Sales. The original budget assumed 17,000 Pickup Trucks would be sold at $15 each. To prepare the flexible budget, the units will change to 17,500 trucks, and the actual sales level and the selling price will remain the same. The $262,500 is 17,500 trucks times $15 per truck. The variance that exists now is simply due to price. Given that the variance is unfavorable, management knows the trucks were sold at a price below the $15 budgeted selling price.
Cost of Goods Sold. Using the cost data from the budgeted income statement, the expected total cost to produce one truck was $11.25. The flexible budget cost of goods sold of $196,875 is $11.25 per pick up truck times the 17,500 trucks sold. The lack of a variance indicates that costs in total (materials, labor, and overhead) were the same as planned.
Selling Expenses. The original budget for selling expenses included variable and fixed expenses. To determine the flexible budget amount, the two variable costs need to be updated. The new budget for sales commissions is $10,500 ($262,500 sales times 4%), and the new budget for delivery expense is $1,750 (17,500 units times 10%). These are added to the fixed costs of $12,500 to get the flexible budget amount of $24,750.
General and Administrative Expenses. This flexible budget is unchanged from the original (static budget) because it consists only of fixed costs which, by definition, do not change if the activity level changes.

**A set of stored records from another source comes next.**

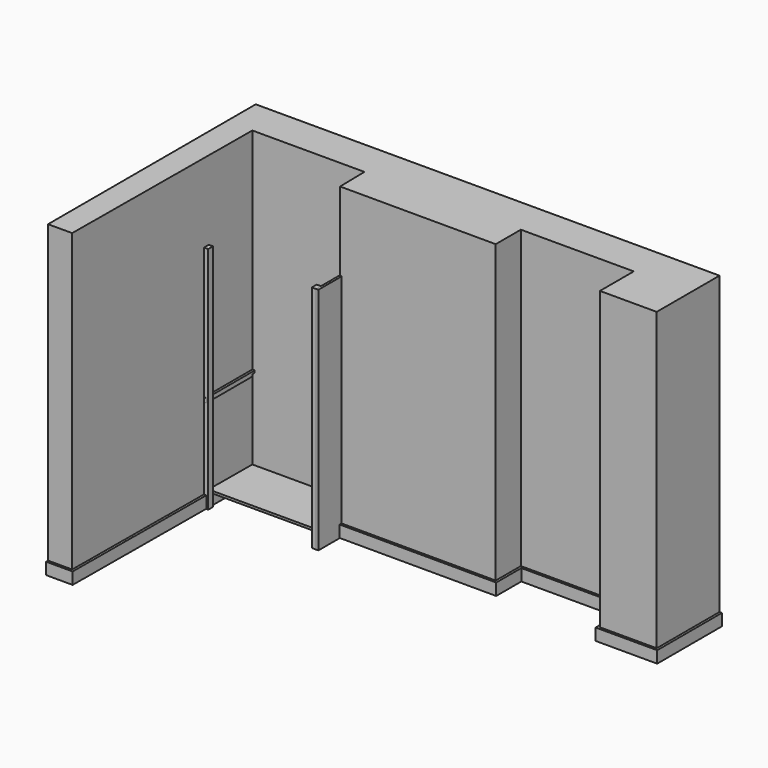
from build123d import *

# Parameters (mm, degrees)
F1_DEPTH   = 2550
F2_DEPTH   = 98
F3_W       = 35
F3_H       = 50
F4_DEPTH   = 1900
F5_OFFSET  = 2
F6_W       = 35
F6_H       = 50
F7_DEPTH   = 1900
F10_DEPTH  = 19
F11_W      = 20
F11_H      = 35
F12_DEPTH  = 500
F13_OFFSET = 1
F14_W      = 21
F14_H      = 17.5
F15_DEPTH  = 20
F17_DEPTH  = 19


# Not quite as in the source:
# - a feature names something its author has since deleted; it is built from what else it names


with BuildPart() as f1:
    # F0 (on Top) → F1 (new body)
    with BuildSketch(Plane.XY):
        Polygon((-211.8216594828, -1849.9622289028), (-11.8216594828, -1849.9622289028), (0, 0), (928, 0), (933.3707714659, -257.944092419), (2223.3691331874, -260), (2223.3691331874, 0), (3158.3691331874, 0), (3158.3691331874, -350), (3628.3691331874, -350), (3628.3691331874, 300), (-211.8216594828, 300), align=None)
    extrude(amount=F1_DEPTH)

    # F0 (on Top) → F2 (join)
    with BuildSketch(Plane.XY):
        Polygon((0, 0), (-11.8216594828, -1849.9622289028), (-211.8216594828, -1849.9622289028), (-211.8216594828, -1869.9622289028), (8.0509445283, -1869.9622289028), (19.872604011, -20), (908.4120942515, -20), (913.7822162245, -277.9128989735), (2243.3691331874, -280.0318999763), (2243.3691331874, -20), (3138.3691331874, -20), (3138.3691331874, -370), (3648.3691331874, -370), (3648.3691331874, 300), (3628.3691331874, 300), (3628.3691331874, -350), (3158.3691331874, -350), (3158.3691331874, 0), (2223.3691331874, 0), (2223.3691331874, -260), (933.3707714659, -257.944092419), (928, 0), align=None)
    extrude(amount=F2_DEPTH)


with BuildPart() as f4:
    # F3 (on Top) → F4 (new body)
    with BuildSketch(Plane.XY):
        with Locations((17.5, -475)):
            Rectangle(F3_W, F3_H)
    extrude(amount=F4_DEPTH)

    # F5: cut F1, made larger all round first
    f5_tool = offset(f1.part, amount=F5_OFFSET, kind=Kind.INTERSECTION, mode=Mode.PRIVATE)
    add(f5_tool, mode=Mode.SUBTRACT)


with BuildPart() as f7:
    # F6 (on Top) → F7 (new body, through all)
    with BuildSketch(Plane.XY):
        with Locations((910.5, -475)):
            Rectangle(F6_W, F6_H)
    extrude(amount=F7_DEPTH)


with BuildPart() as f10:
    # F9 (on face) → F10 (new body)
    with BuildSketch(Plane.XY.offset(98)):
        Polygon((1.9872604011, -2), (-0.888278392, -451.9908124358), (926.0412094252, -451.9908124358), (926.0412094252, -2), align=None)
    extrude(amount=F10_DEPTH)


with BuildPart() as f12:
    # F11 (on face) → F12 (new body, through all)
    with BuildSketch(Plane.XZ.offset(500)):
        with Locations((10, 790.5)):
            Rectangle(F11_W, F11_H)
    extrude(amount=-F12_DEPTH)


with BuildPart() as f4_1:
    add(f4.part)

    # F13: cut F12, made larger all round first
    f13_tool = offset(f12.part, amount=F13_OFFSET, kind=Kind.INTERSECTION, mode=Mode.PRIVATE)
    add(f13_tool, mode=Mode.SUBTRACT)


with BuildPart() as f12_1:
    add(f12.part)

    # F14 (on face) → F15 (cut, through all)
    with BuildSketch(Plane.YZ.offset(20)):
        with Locations((-10.5, 781.75)):
            Rectangle(F14_W, F14_H)
    extrude(amount=-F15_DEPTH, mode=Mode.SUBTRACT)


with BuildPart() as f17:
    # F16 (on face) → F17 (new body)
    with BuildSketch(Plane.YZ.offset(928)):
        Polygon((-500, 1900), (-500, 0), (-279.9128989735, 0), (-279.9128989735, 100), (-258.944092419, 100), (-258.944092419, 1900), align=None)
    extrude(amount=F17_DEPTH)


solid = Compound([f1.part, f7.part, f10.part, f4_1.part, f12_1.part, f17.part])

Income Taxes. Income taxes are budgeted as 40% of income before income taxes. The flexible budget for income before income taxes is $20,625, and 40% of that balance is $8,250. Actual expenses are lower because the income before income taxes was lower. The actual tax rate is also 40%.
Net Income. Total net income changes as the amount for each line on the income statement changes. The net variance in this example is mainly due to lower revenues.
The important thing to remember in preparing a flexible budget is that if an amount, cost or revenue, was variable when the original budget was prepared, that amount is still variable and will need to be recalculated when preparing a flexible budget. If, however, the cost was identified as a fixed cost, no changes are made in the budgeted amount when the flexible budget is prepared. Differences may occur in fixed expenses, but they are not related to changes in activity within the relevant range.
Budget reports can be a useful tool for evaluating a manager's effectiveness only if they contain the appropriate information. When preparing budget reports, it is important to include in the report the items the manager can control. If a manager is only responsible for a department's costs, to include all the manufacturing costs or net income for the company would not result in a fair evaluation of the manager's performance. If, however, the manager is the Chief Executive Officer, the entire income statement should be used in evaluating performance.